Beginner's guide

What is the best variation of poker for absolute beginners?

Poker is probably the most famous and iconic casino game. In fact, it is more than just a game. Few can argue that WSOP events are as much a sport as snooker, pool or darts, and there is even talk of poker becoming an Olympic event. At the same time, the game has been a focal point of so many books and movies that it has a mystique about it that is all its own.


However, these factors can serve to discourage beginners from approaching the game. New players are trying both physical casinos and their online variations every day, with the latter having been particularly popular over the first half of 2020 for obvious reasons. A first timer will happily explore the huge variety of slot games at sites like or place a bet at the roulette wheel. Most will even be confident to try a hand or two of blackjack.


Yet anyone who has never played poker before will typically look sidelong at the game with a blend of fear and longing. That doesn’t have to be the case and here, we will explore some simple versions of poker that are ideal for beginners. Not only are they fun to play in their own right, they also provide the ideal launchpad for moving on to more advanced variations of our wonderful game.


Video poker

This is where most people start, and with good reason. In video poker, it’s just player versus machine, and there is zero opportunity for embarrassing yourself while you get to grips with what you are doing. You can also start out playing on a “just for fun” phone app, so any novice errors will not harm your wallet.


In video poker, you are dealt a hand of five cards and can choose which ones to hold. The rest are redealt, and that makes up your final hand. Each video poker game has a table displayed that shows what each hand is worth. The beauty of this is that in no time, a beginner understands the relative worth of a straight, a flush, three of a kind and so on.


The numerous variations of video poker can seem off-putting, but whichever one you choose, the fundamental gameplay is the same. Some simply offer different rewards for specific hands, while other have additional dimensions, for example 2s are treated as wildcards in Deuces Wild. A good starting point with no added complications is Jacks or Better.


Three card poker

Conceptually, this game is even simpler than video poker. It is popular with those who enjoy playing blackjack or baccarat as it takes a similar format of just playing against a dealer’s hand. There are two distinct bets available. The first is the “pair plus” wager, which you can place before looking at your cards. As the name suggests, this is a bet that your hand will contain a pair or better.


To start the game, place your ante wager and your pair plus bet if you choose to do so. You can then look at your three cards and decide whether or not to place a play wager and go up against the dealer’s hand. Conventional strategy states that you should play with Queen-six-four or better, otherwise you should fold.


If you fold, you lose the ante wager (and the pair plus wager if you placed it). If you play and the dealer has Jack-high or worse, you collect the play wager and the hand is over. If the dealer has Queen-high or better, you win if you have a superior hand, and there is a bonus for a straight, a straight flush or three of a kind.
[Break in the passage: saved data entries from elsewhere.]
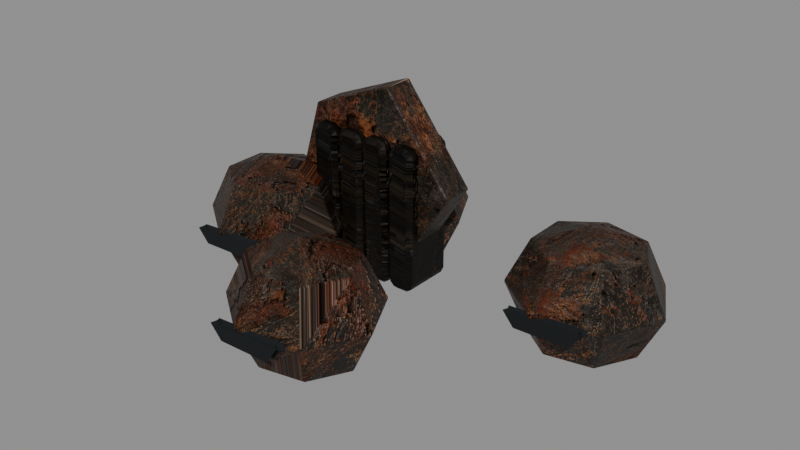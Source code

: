 # Source: MenuArmourHeapLeft.blend  (saved by Blender 5.2.45; exported with 4.5.12 LTS)
import bpy
from mathutils import Matrix  # noqa: F401  (used for matrix-valued properties, if any)

bpy.ops.wm.read_factory_settings(use_empty=True)
scene = bpy.context.scene
scene.name = 'Scene'

# ---- images (referenced by path relative to the original .blend; pixels are not part of the script)
import os
ASSET_DIR = os.environ.get("B2B_ASSET_DIR", "")  # directory of the original .blend (textures are referenced by path, not embedded)
HERE = os.path.dirname(os.path.abspath(__file__))  # packed textures are extracted next to this script under _unpacked/

def load_image(name, relpath, width, height, colorspace="sRGB"):
    """Load a texture the original file referenced (path relative to the .blend, or extracted next to this script)."""
    p = next((c for c in (os.path.join(HERE, relpath), os.path.join(ASSET_DIR, relpath)) if relpath and os.path.exists(c)), "")
    if p:
        img = bpy.data.images.load(p, check_existing=True)
        img.name = name
    else:  # same state as the original file: an image datablock whose file is absent (Cycles renders it pink)
        img = bpy.data.images.new(name, width, height)
        img.source = "FILE"
        img.filepath = "//" + (relpath or name)
    img.colorspace_settings.name = colorspace
    return img
img_menurustiron_png = load_image('MenuRustIron.png', '_unpacked/MenuRustIron.68dd0c80.png', 1254, 1254, 'sRGB')
img_menurustironnormal_png = load_image('MenuRustIronNormal.png', '_unpacked/MenuRustIronNormal.41bbc007.png', 1254, 1254, 'Non-Color')
img_menufortressstone_png = load_image('MenuFortressStone.png', '_unpacked/MenuFortressStone.58a9e0ec.png', 1254, 1254, 'sRGB')
img_menufortressstonenormal_png = load_image('MenuFortressStoneNormal.png', '_unpacked/MenuFortressStoneNormal.43822929.png', 1254, 1254, 'Non-Color')

# ---- materials (node trees are filled in below, after node groups)
mat_menucorrodediron = bpy.data.materials.new('MenuCorrodedIron')
mat_menucorrodediron.diffuse_color = (0.075, 0.048, 0.028, 1.0)
mat_menublack = bpy.data.materials.new('MenuBlack')
mat_menublack.diffuse_color = (0.012, 0.014, 0.016, 1.0)
mat_menuagedwood = bpy.data.materials.new('MenuAgedWood')
mat_menuagedwood.diffuse_color = (0.075, 0.046, 0.026, 1.0)

# ---- material node trees
mat_menucorrodediron.use_nodes = True; mat_menucorrodediron.node_tree.nodes.clear()
_N = mat_menucorrodediron.node_tree.nodes; _L = mat_menucorrodediron.node_tree.links
n0 = _N.new('ShaderNodeOutputMaterial'); n0.name = 'Material Output'; n0.location = (0, 0)
n1 = _N.new('ShaderNodeRGB'); n1.name = 'Color'; n1.location = (0, 0)
n1.outputs[0].default_value = (0.56, 0.51, 0.45, 1.0)
n2 = _N.new('ShaderNodeTexImage'); n2.name = 'Image Texture'; n2.location = (0, 0)
n2.image = img_menurustiron_png
n3 = _N.new('ShaderNodeMixRGB'); n3.name = 'Mix (Legacy)'; n3.location = (0, 0)
n3.blend_type = 'MULTIPLY'
n3.inputs[0].default_value = 1.0
n4 = _N.new('ShaderNodeBsdfPrincipled'); n4.name = 'Principled BSDF'; n4.location = (0, 0)
n4.inputs[2].default_value = 0.4472
n4.inputs[10].default_value = 0.005
n4.inputs[13].default_value = 0.18
n5 = _N.new('ShaderNodeTexImage'); n5.name = 'Image Texture.001'; n5.location = (0, 0)
n5.image = img_menurustironnormal_png
n6 = _N.new('ShaderNodeNormalMap'); n6.name = 'Normal Map'; n6.location = (0, 0)
n6.width = 160
n6.inputs[0].default_value = 0.8
_L.new(n2.outputs[0], n3.inputs[1])
_L.new(n1.outputs[0], n3.inputs[2])
_L.new(n3.outputs[0], n4.inputs[0])
_L.new(n5.outputs[0], n6.inputs[1])
_L.new(n6.outputs[0], n4.inputs[5])
_L.new(n4.outputs[0], n0.inputs[0])
n0.is_active_output = True
mat_menublack.use_nodes = True; mat_menublack.node_tree.nodes.clear()
_N = mat_menublack.node_tree.nodes; _L = mat_menublack.node_tree.links
n0 = _N.new('ShaderNodeOutputMaterial'); n0.name = 'Material Output'; n0.location = (0, 0)
n1 = _N.new('ShaderNodeRGB'); n1.name = 'Color'; n1.location = (0, 0)
n1.outputs[0].default_value = (0.012, 0.014, 0.016, 1.0)
n2 = _N.new('ShaderNodeBsdfPrincipled'); n2.name = 'Principled BSDF'; n2.location = (0, 0)
n2.inputs[2].default_value = 1.0
n2.inputs[10].default_value = 0.005
n2.inputs[13].default_value = 0.18
_L.new(n1.outputs[0], n2.inputs[0])
_L.new(n2.outputs[0], n0.inputs[0])
n0.is_active_output = True
mat_menuagedwood.use_nodes = True; mat_menuagedwood.node_tree.nodes.clear()
_N = mat_menuagedwood.node_tree.nodes; _L = mat_menuagedwood.node_tree.links
n0 = _N.new('ShaderNodeOutputMaterial'); n0.name = 'Material Output'; n0.location = (0, 0)
n1 = _N.new('ShaderNodeRGB'); n1.name = 'Color'; n1.location = (0, 0)
n1.outputs[0].default_value = (0.085, 0.066, 0.045, 1.0)
n2 = _N.new('ShaderNodeTexImage'); n2.name = 'Image Texture'; n2.location = (0, 0)
n2.image = img_menufortressstone_png
n3 = _N.new('ShaderNodeMixRGB'); n3.name = 'Mix (Legacy)'; n3.location = (0, 0)
n3.blend_type = 'MULTIPLY'
n3.inputs[0].default_value = 1.0
n4 = _N.new('ShaderNodeBsdfPrincipled'); n4.name = 'Principled BSDF'; n4.location = (0, 0)
n4.inputs[2].default_value = 0.5345
n4.inputs[10].default_value = 0.005
n4.inputs[13].default_value = 0.18
n5 = _N.new('ShaderNodeTexImage'); n5.name = 'Image Texture.001'; n5.location = (0, 0)
n5.image = img_menufortressstonenormal_png
n6 = _N.new('ShaderNodeNormalMap'); n6.name = 'Normal Map'; n6.location = (0, 0)
n6.width = 160
n6.inputs[0].default_value = 0.8
_L.new(n2.outputs[0], n3.inputs[1])
_L.new(n1.outputs[0], n3.inputs[2])
_L.new(n3.outputs[0], n4.inputs[0])
_L.new(n5.outputs[0], n6.inputs[1])
_L.new(n6.outputs[0], n4.inputs[5])
_L.new(n4.outputs[0], n0.inputs[0])
n0.is_active_output = True

# ---- meshes
me_menuarmourheapleft = bpy.data.meshes.new('MenuArmourHeapLeft')
me_menuarmourheapleft.from_pydata([(-0.09066, -0.4153, -0.05), (0.1498, -0.4153, 0.03494), (0.05924, -0.244, 0.03494), (-0.1442, -0.2016, 0.03494), (-0.3073, -0.3202, 0.03494), (-0.3073, -0.5105, 0.03494), (-0.1442, -0.6291, 0.03494), (0.05924, -0.5867, 0.03494), (0.2493, -0.4153, 0.24), (0.1213, -0.173, 0.24), (-0.1663, -0.1131, 0.24), (-0.397, -0.2808, 0.24), (-0.397, -0.5498, 0.24), (-0.1663, -0.7176, 0.24), (0.1213, -0.6577, 0.24), (0.1498, -0.4153, 0.4451), (0.05924, -0.244, 0.4451), (-0.1442, -0.2016, 0.4451), (-0.3073, -0.3202, 0.4451), (-0.3073, -0.5105, 0.4451), (-0.1442, -0.6291, 0.4451), (0.05924, -0.5867, 0.4451), (-0.09066, -0.4153, 0.53), (-0.2907, -0.7353, 0.25), (0.09934, -0.7353, 0.28), (0.03934, -0.7353, 0.17), (-0.2307, -0.7353, 0.16), (-0.2907, -0.7153, 0.25), (0.09934, -0.7153, 0.28), (0.03934, -0.7153, 0.17), (-0.2307, -0.7153, 0.16), (-0.7296, 0.08283, -0.05), (-0.4891, 0.08283, 0.03494), (-0.5797, 0.2542, 0.03494), (-0.7831, 0.2965, 0.03494), (-0.9462, 0.1779, 0.03494), (-0.9462, -0.01228, 0.03494), (-0.7831, -0.1309, 0.03494), (-0.5797, -0.08855, 0.03494), (-0.3896, 0.08283, 0.24), (-0.5176, 0.3252, 0.24), (-0.8052, 0.3851, 0.24), (-1.036, 0.2173, 0.24), (-1.036, -0.05168, 0.24), (-0.8052, -0.2194, 0.24), (-0.5176, -0.1595, 0.24), (-0.4891, 0.08283, 0.4451), (-0.5797, 0.2542, 0.4451), (-0.7831, 0.2965, 0.4451), (-0.9462, 0.1779, 0.4451), (-0.9462, -0.01228, 0.4451), (-0.7831, -0.1309, 0.4451), (-0.5797, -0.08855, 0.4451), (-0.7296, 0.08283, 0.53), (-0.9296, -0.2372, 0.25), (-0.5396, -0.2372, 0.28), (-0.5996, -0.2372, 0.17), (-0.8696, -0.2372, 0.16), (-0.9296, -0.2172, 0.25), (-0.5396, -0.2172, 0.28), (-0.5996, -0.2172, 0.17), (-0.8696, -0.2172, 0.16), (-0.3986, 0.5296, -0.05), (-0.1582, 0.5296, 0.03494), (-0.2487, 0.701, 0.03494), (-0.4521, 0.7433, 0.03494), (-0.6152, 0.6247, 0.03494), (-0.6152, 0.4345, 0.03494), (-0.4521, 0.3159, 0.03494), (-0.2487, 0.3582, 0.03494), (-0.05858, 0.5296, 0.24), (-0.1866, 0.7719, 0.24), (-0.4742, 0.8318, 0.24), (-0.7049, 0.6641, 0.24), (-0.7049, 0.3951, 0.24), (-0.4742, 0.2273, 0.24), (-0.1866, 0.2872, 0.24), (-0.1582, 0.5296, 0.4451), (-0.2487, 0.701, 0.4451), (-0.4521, 0.7433, 0.4451), (-0.6152, 0.6247, 0.4451), (-0.6152, 0.4345, 0.4451), (-0.4521, 0.3159, 0.4451), (-0.2487, 0.3582, 0.4451), (-0.3986, 0.5296, 0.53), (-0.5986, 0.2096, 0.25), (-0.2086, 0.2096, 0.28), (-0.2686, 0.2096, 0.17), (-0.5386, 0.2096, 0.16), (-0.5986, 0.2296, 0.25), (-0.2086, 0.2296, 0.28), (-0.2686, 0.2296, 0.17), (-0.5386, 0.2296, 0.16), (0.7108, 0.3728, -0.05), (0.9512, 0.3728, 0.03494), (0.8607, 0.5442, 0.03494), (0.6573, 0.5865, 0.03494), (0.4941, 0.4679, 0.03494), (0.4941, 0.2777, 0.03494), (0.6573, 0.1591, 0.03494), (0.8607, 0.2014, 0.03494), (1.051, 0.3728, 0.24), (0.9227, 0.6151, 0.24), (0.6351, 0.675, 0.24), (0.4044, 0.5073, 0.24), (0.4044, 0.2383, 0.24), (0.6351, 0.07055, 0.24), (0.9227, 0.1304, 0.24), (0.9512, 0.3728, 0.4451), (0.8607, 0.5442, 0.4451), (0.6573, 0.5865, 0.4451), (0.4941, 0.4679, 0.4451), (0.4941, 0.2777, 0.4451), (0.6573, 0.1591, 0.4451), (0.8607, 0.2014, 0.4451), (0.7108, 0.3728, 0.53), (0.5108, 0.05278, 0.25), (0.9008, 0.05278, 0.28), (0.8408, 0.05278, 0.17), (0.5708, 0.05278, 0.16), (0.5108, 0.07278, 0.25), (0.9008, 0.07278, 0.28), (0.8408, 0.07278, 0.17), (0.5708, 0.07278, 0.16), (-0.8, 0.22, 0.1), (-0.16, 0.22, 0.08), (0.11, 0.22, 0.52), (-0.21, 0.22, 0.93), (-0.6, 0.22, 0.77), (-0.8, 0.36, 0.1), (-0.16, 0.36, 0.08), (0.11, 0.36, 0.52), (-0.21, 0.36, 0.93), (-0.6, 0.36, 0.77), (-0.5366, 0.19, 0.06485), (-0.4929, 0.19, 0.06522), (-0.485, 0.19, 0.08261), (-0.49, 0.19, 0.6619), (-0.5061, 0.19, 0.6751), (-0.5458, 0.19, 0.6748), (-0.5551, 0.19, 0.6667), (-0.55, 0.19, 0.07805), (-0.5366, 0.39, 0.06485), (-0.4929, 0.39, 0.06522), (-0.485, 0.39, 0.08261), (-0.49, 0.39, 0.6619), (-0.5061, 0.39, 0.6751), (-0.5458, 0.39, 0.6748), (-0.5551, 0.39, 0.6667), (-0.55, 0.39, 0.07805), (-0.4007, 0.19, 0.06494), (-0.3533, 0.19, 0.06507), (-0.3467, 0.19, 0.07938), (-0.3483, 0.19, 0.6641), (-0.3615, 0.19, 0.675), (-0.4056, 0.19, 0.6749), (-0.4133, 0.19, 0.6683), (-0.4117, 0.19, 0.07591), (-0.4007, 0.39, 0.06494), (-0.3533, 0.39, 0.06507), (-0.3467, 0.39, 0.07938), (-0.3483, 0.39, 0.6641), (-0.3615, 0.39, 0.675), (-0.4056, 0.39, 0.6749), (-0.4133, 0.39, 0.6683), (-0.4117, 0.39, 0.07591), (-0.2595, 0.19, 0.06449), (-0.2044, 0.19, 0.06572), (-0.2008, 0.19, 0.07384), (-0.2142, 0.19, 0.6695), (-0.2218, 0.19, 0.6755), (-0.275, 0.19, 0.6743), (-0.2793, 0.19, 0.6705), (-0.2658, 0.19, 0.07053), (-0.2595, 0.39, 0.06449), (-0.2044, 0.39, 0.06572), (-0.2008, 0.39, 0.07384), (-0.2142, 0.39, 0.6695), (-0.2218, 0.39, 0.6755), (-0.275, 0.39, 0.6743), (-0.2793, 0.39, 0.6705), (-0.2658, 0.39, 0.07053), (-0.12, 0.19, 0.06498), (-0.07444, 0.19, 0.06503), (-0.06715, 0.19, 0.08087), (-0.06786, 0.19, 0.6629), (-0.08248, 0.19, 0.675), (-0.1243, 0.19, 0.675), (-0.1329, 0.19, 0.6677), (-0.1321, 0.19, 0.07714), (-0.12, 0.39, 0.06498), (-0.07444, 0.39, 0.06503), (-0.06715, 0.39, 0.08087), (-0.06786, 0.39, 0.6629), (-0.08248, 0.39, 0.675), (-0.1243, 0.39, 0.675), (-0.1329, 0.39, 0.6677), (-0.1321, 0.39, 0.07714)], [], [(0, 2, 1), (0, 3, 2), (0, 4, 3), (0, 5, 4), (0, 6, 5), (0, 7, 6), (0, 1, 7), (1, 2, 9, 8), (2, 3, 10, 9), (3, 4, 11, 10), (4, 5, 12, 11), (5, 6, 13, 12), (6, 7, 14, 13), (7, 1, 8, 14), (8, 9, 16, 15), (9, 10, 17, 16), (10, 11, 18, 17), (11, 12, 19, 18), (12, 13, 20, 19), (13, 14, 21, 20), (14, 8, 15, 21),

Note that the pair plus wager is a side-bet, and the dealer’s hand is irrelevant to whether you win or lose this.


Caribbean stud poker

This variation is similar to three card poker in that it is played against the dealer and the dealer’s hand must have a certain qualifying value. In this case, it is Ace-King or better, sometimes known as “Ace-high with a King kicker.” The game is played with five cards, so it feels more like “real” poker and brings into play all those possible hands that you learned in video poker, such as a full house, two-pair and so on.


Pay the ante, and you and the dealer are each dealt five cards, yours are face up, while four of the dealer’s are face down. You must decide from the quality of your hand and the dealer’s upcard whether to place the play wager by doubling the ante, or to fold your hand. If you fold, the ante is lost and the hand is over. If you play, the rest of the dealer’s cards are revealed.


If the dealer does not have a qualifying hand of Ace-King or better, the game cannot be “opened” and all bets are returned. If the dealer qualifies and has a superior hand to yours, you lose the ante and play wager. If your hand is better, you receive a payout as per the game’s play table. When you play online, this is usually shown on-screen, just like video poker. Payouts vary, but typical values go from even money for a pair or high card to 100/1 for a Royal Flush.


Caribbean poker also has the option for a jackpot bet. This is a side-wager that your hand will be above a certain value (typically three of a kind, but sometimes a flush). This can be tempting, particularly as it protects you from that annoying scenario whereby you have a great hand but the dealer doesn’t qualify so you get no reward. However, the statisticians say optimum strategy is to decline the jackpot side bet.


Welcome to the world of poker

These three poker games can all be picked up very quickly, even by a complete novice. As well as being enjoyable, they provide the perfect groundwork to exploring many other versions of poker. Welcome aboard!